## WORK ITEM
Look through the data below for the line with "- moved C26 1.20 mm to (93.7, 70.2)", and transcribe it exactly together with each line after it up to and including the line with "- net Net-(J6-Pad2): track 0.00 -> 2.27 mm". Give nothing else.

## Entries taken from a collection
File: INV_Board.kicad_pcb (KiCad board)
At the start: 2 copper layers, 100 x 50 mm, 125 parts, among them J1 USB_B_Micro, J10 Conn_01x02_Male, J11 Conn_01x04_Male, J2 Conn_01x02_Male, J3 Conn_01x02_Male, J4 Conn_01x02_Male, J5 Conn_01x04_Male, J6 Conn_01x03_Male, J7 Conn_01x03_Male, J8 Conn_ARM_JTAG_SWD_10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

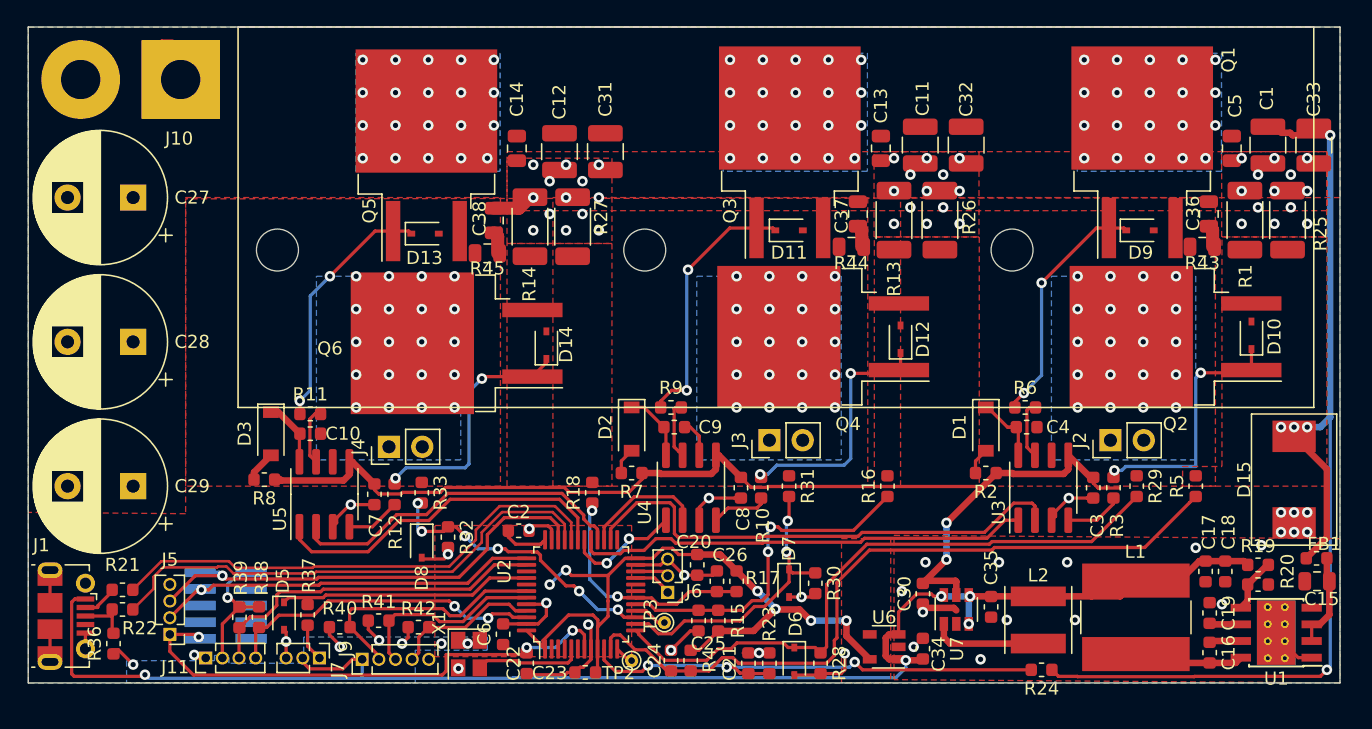
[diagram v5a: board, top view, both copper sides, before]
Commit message: Added input resistors on Hall lines, added TVS protection on input lines I2C, USB UART protected with 0402 resistors, since no space... ToDo... fit 0603 or learn to solder 0402... ugh.
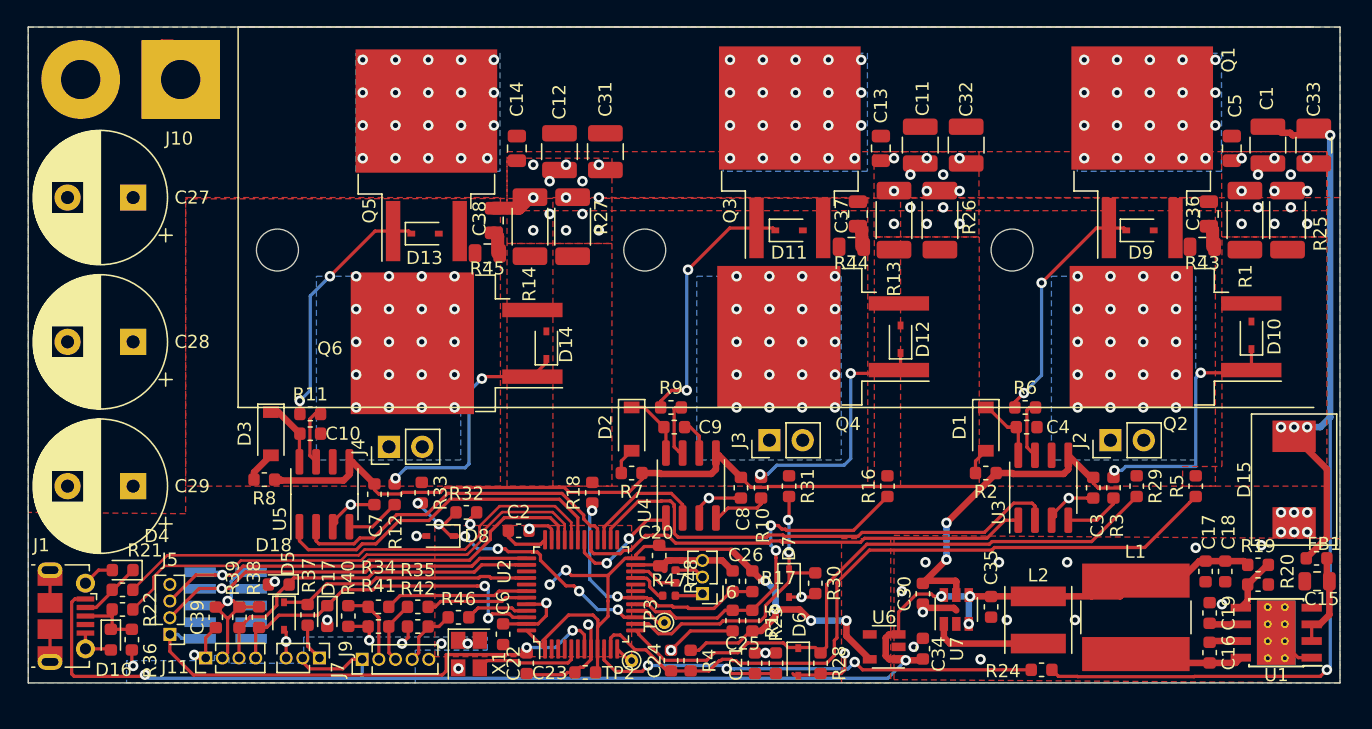
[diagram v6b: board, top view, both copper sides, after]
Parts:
- added C39: C_0.1uF_25V, Capacitor_SMD:C_0603_1608Metric, F.Cu at (54.3, 73.0)
- added D16: D_TVS, Diode_SMD:D_0603_1608Metric, F.Cu at (46.3, 74.7)
- added D17: D_TVS, Diode_SMD:D_0603_1608Metric, F.Cu at (62.8, 72.9)
- added D18: D_TVS, Diode_SMD:D_0603_1608Metric, F.Cu at (59.1, 70.5)
- added D4: D_TVS, Diode_SMD:D_0603_1608Metric, F.Cu at (47.2, 69.4)
- added R34: R_4k7, Resistor_SMD:R_0603_1608Metric, F.Cu at (66.7, 72.2)
- added R35: R_4k7, Resistor_SMD:R_0603_1608Metric, F.Cu at (69.7, 72.2)
- added R46: R_4k7, Resistor_SMD:R_0603_1608Metric, F.Cu at (72.8, 73.0)
- added R47: R_100, Resistor_SMD:R_0402_1005Metric, F.Cu at (88.8, 71.3)
- added R48: R_100, Resistor_SMD:R_0402_1005Metric, F.Cu at (89.3, 69.9)
- moved C20 2.99 mm to (88.1, 68.3)
- moved J6 2.65 mm to (91.4, 71.2)
- moved C25 2.60 mm to (93.7, 73.2)
- moved R15 2.60 mm to (95.2, 73.2)
- moved R32 2.35 mm to (73.4, 65.0), turned to 0 degrees
- moved D8 1.52 mm to (71.4, 66.8), turned to 180 degrees
- moved R36 1.43 mm to (47.9, 74.7)
- moved C26 1.20 mm to (93.7, 70.2)
- moved R17 1.20 mm to (95.2, 70.2)
- moved R40 1.07 mm to (64.4, 72.9), turned to 90 degrees
- moved C21 0.50 mm to (95.4, 76.5)
- moved R23 0.50 mm to (97.0, 76.5)
- moved R41 0.45 mm to (66.7, 73.7)
- moved D6 0.30 mm to (98.7, 76.4)
- moved U4 0.17 mm to (90.5, 63.0)
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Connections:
- J6 pad 1: STTx -> Net-(J6-Pad1)
- J6 pad 2: STRx -> Net-(J6-Pad2)
- J9 pad 2: /Hall1 -> Net-(J9-Pad2)
- J9 pad 3: /Hall2 -> Net-(J9-Pad3)
- J9 pad 4: /Hall3 -> Net-(J9-Pad4)
- R40 pad 2: /Hall1 -> Net-(J9-Pad2)
- R41 pad 2: /Hall2 -> Net-(J9-Pad3)
- R42 pad 2: /Hall3 -> Net-(J9-Pad4)
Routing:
- net GND: track 70.4 -> 80.9 mm, vias 72 -> 74
- net /Hall1: track 19.2 -> 11.0 mm
- net /Hall2: track 14.7 -> 7.79 mm
- net /Hall3: track 11.4 -> 4.78 mm
- net Net-(J9-Pad2): track 0.00 -> 6.10 mm
- net Net-(J9-Pad3): track 0.00 -> 5.17 mm
- net Net-(J9-Pad4): track 0.00 -> 4.75 mm
- net +3V3: track 75.3 -> 77.6 mm, vias 13 -> 12
- net Net-(J6-Pad2): track 0.00 -> 2.27 mm
- net I2CSDA: track 24.5 -> 26.7 mm
- net USBD-: track 2.74 -> 4.88 mm
- net Net-(J6-Pad1): track 0.00 -> 2.13 mm
- net ISW_MCU: track 18.3 -> 20.1 mm
- net SWCLK: track 29.1 -> 30.7 mm
- net USBD+: track 4.02 -> 5.62 mm
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
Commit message: Update R values on power and switch lines to 1k5 and 47k 0805 to enable voltages up to 3.3*48.5/1.5=106V. Add power LEDs and extra 5V cap near USB. Change all text to 0.8mm to make it tidier.
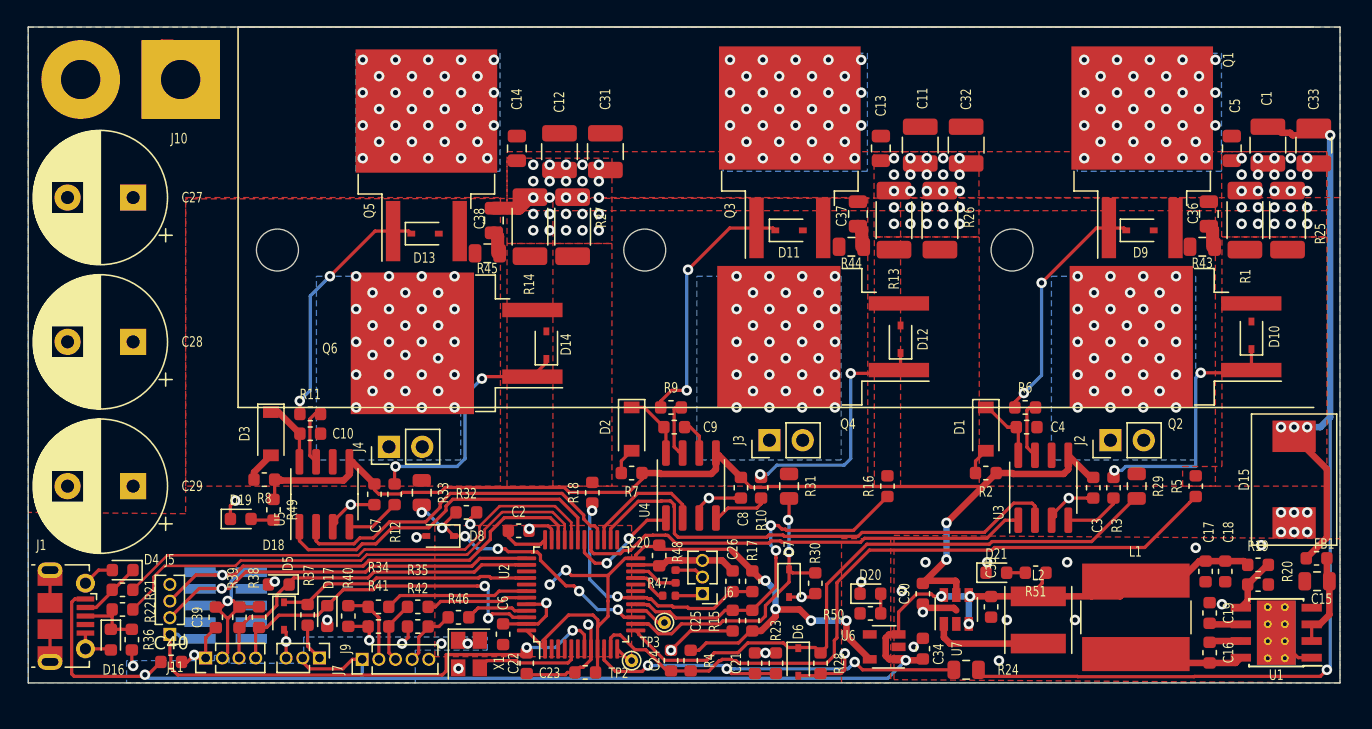
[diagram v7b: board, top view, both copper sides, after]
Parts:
- added C40: C_10uF_16V, Capacitor_SMD:C_0603_1608Metric, F.Cu at (50.9, 76.4)
- added D19: LED_Small, LED_SMD:LED_0603_1608Metric, F.Cu at (56.2, 65.5)
- added D20: LED_Small, LED_SMD:LED_0603_1608Metric, F.Cu at (104.2, 71.2)
- added D21: LED_Small, LED_SMD:LED_0603_1608Metric, F.Cu at (113.8, 69.6)
- added R49: R_4k7, Resistor_SMD:R_0603_1608Metric, F.Cu at (58.7, 64.8)
- added R50: R_4k7, Resistor_SMD:R_0603_1608Metric, F.Cu at (104.2, 72.7)
- added R51: R_4k7, Resistor_SMD:R_0603_1608Metric, F.Cu at (116.8, 69.6)
- R16, R18, R5: value R_680 -> R_150
- R23, R28, R30, R32: value R_4k7 -> R_1k5
- R24, R29, R31, R33: footprint Resistor_SMD:R_0603_1608Metric -> Resistor_SMD:R_0805_2012Metric
- moved R24 5.75 mm to (111.5, 77.0)
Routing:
- net Vsense_MCU: track 38.4 -> 32.6 mm
- net +VDC: track 83.5 -> 89.1 mm, vias 65 -> 102
- net +5V: track 120.8 -> 124.4 mm
- net GND: track 80.9 -> 83.7 mm, vias 74 -> 112
- net Net-(D19-Pad2): track 0.00 -> 1.75 mm
- net Net-(D20-Pad2): track 0.00 -> 1.50 mm
- net Net-(D21-Pad2): track 0.00 -> 1.42 mm
- net +12V: track 88.1 -> 87.0 mm
- net #RES: track 39.6 -> 40.3 mm
- net SWW: vias 20 -> 32
- net SWV: vias 20 -> 32
- net SWU: vias 20 -> 32

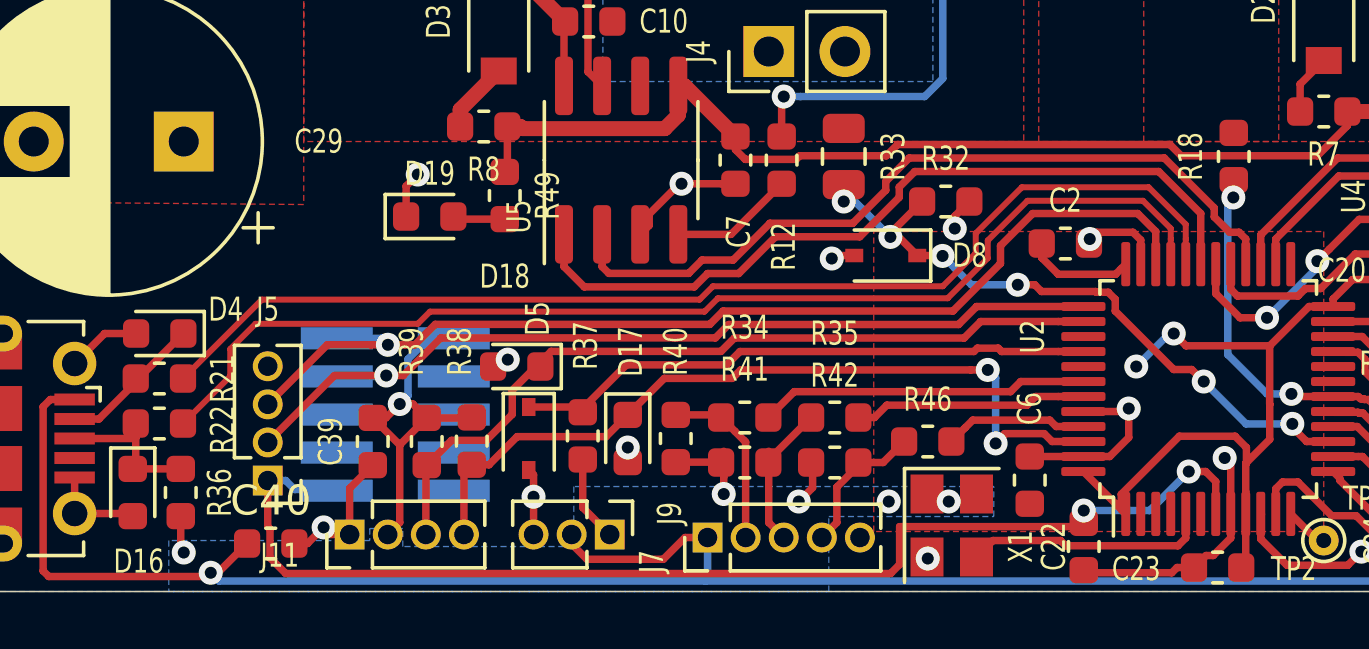
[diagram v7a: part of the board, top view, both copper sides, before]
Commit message: Added SWO line to the JTAG header to aid debugging and live variable tracking. Will have to manually mod with wire the first set of boards ordered.
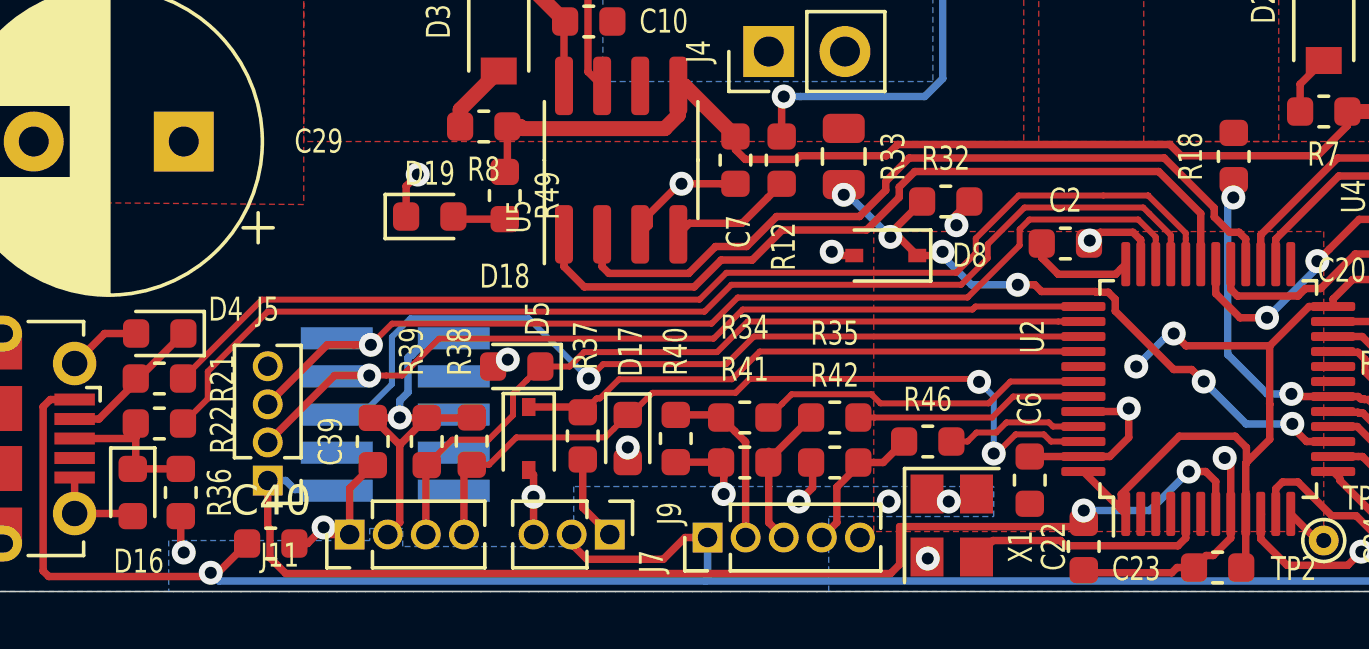
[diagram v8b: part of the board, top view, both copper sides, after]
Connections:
- J8 pad 6: Net-(J8-Pad6) -> SWO
- U2 pad 39: Net-(U2-Pad39) -> SWO
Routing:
- net SWO: track 0.00 -> 29.6 mm, vias 0 -> 1
- net SWDIO: track 35.7 -> 34.8 mm
- net SWCLK: track 30.7 -> 30.2 mm

## COMPLETED EXERCISE
- moved C26 1.20 mm to (93.7, 70.2)
- moved R17 1.20 mm to (95.2, 70.2)
- moved R40 1.07 mm to (64.4, 72.9), turned to 90 degrees
- moved C21 0.50 mm to (95.4, 76.5)
- moved R23 0.50 mm to (97.0, 76.5)
- moved R41 0.45 mm to (66.7, 73.7)
- moved D6 0.30 mm to (98.7, 76.4)
- moved U4 0.17 mm to (90.5, 63.0)
Connections:
- J6 pad 1: STTx -> Net-(J6-Pad1)
- J6 pad 2: STRx -> Net-(J6-Pad2)
- J9 pad 2: /Hall1 -> Net-(J9-Pad2)
- J9 pad 3: /Hall2 -> Net-(J9-Pad3)
- J9 pad 4: /Hall3 -> Net-(J9-Pad4)
- R40 pad 2: /Hall1 -> Net-(J9-Pad2)
- R41 pad 2: /Hall2 -> Net-(J9-Pad3)
- R42 pad 2: /Hall3 -> Net-(J9-Pad4)
Routing:
- net GND: track 70.4 -> 80.9 mm, vias 72 -> 74
- net /Hall1: track 19.2 -> 11.0 mm
- net /Hall2: track 14.7 -> 7.79 mm
- net /Hall3: track 11.4 -> 4.78 mm
- net Net-(J9-Pad2): track 0.00 -> 6.10 mm
- net Net-(J9-Pad3): track 0.00 -> 5.17 mm
- net Net-(J9-Pad4): track 0.00 -> 4.75 mm
- net +3V3: track 75.3 -> 77.6 mm, vias 13 -> 12
- net Net-(J6-Pad2): track 0.00 -> 2.27 mm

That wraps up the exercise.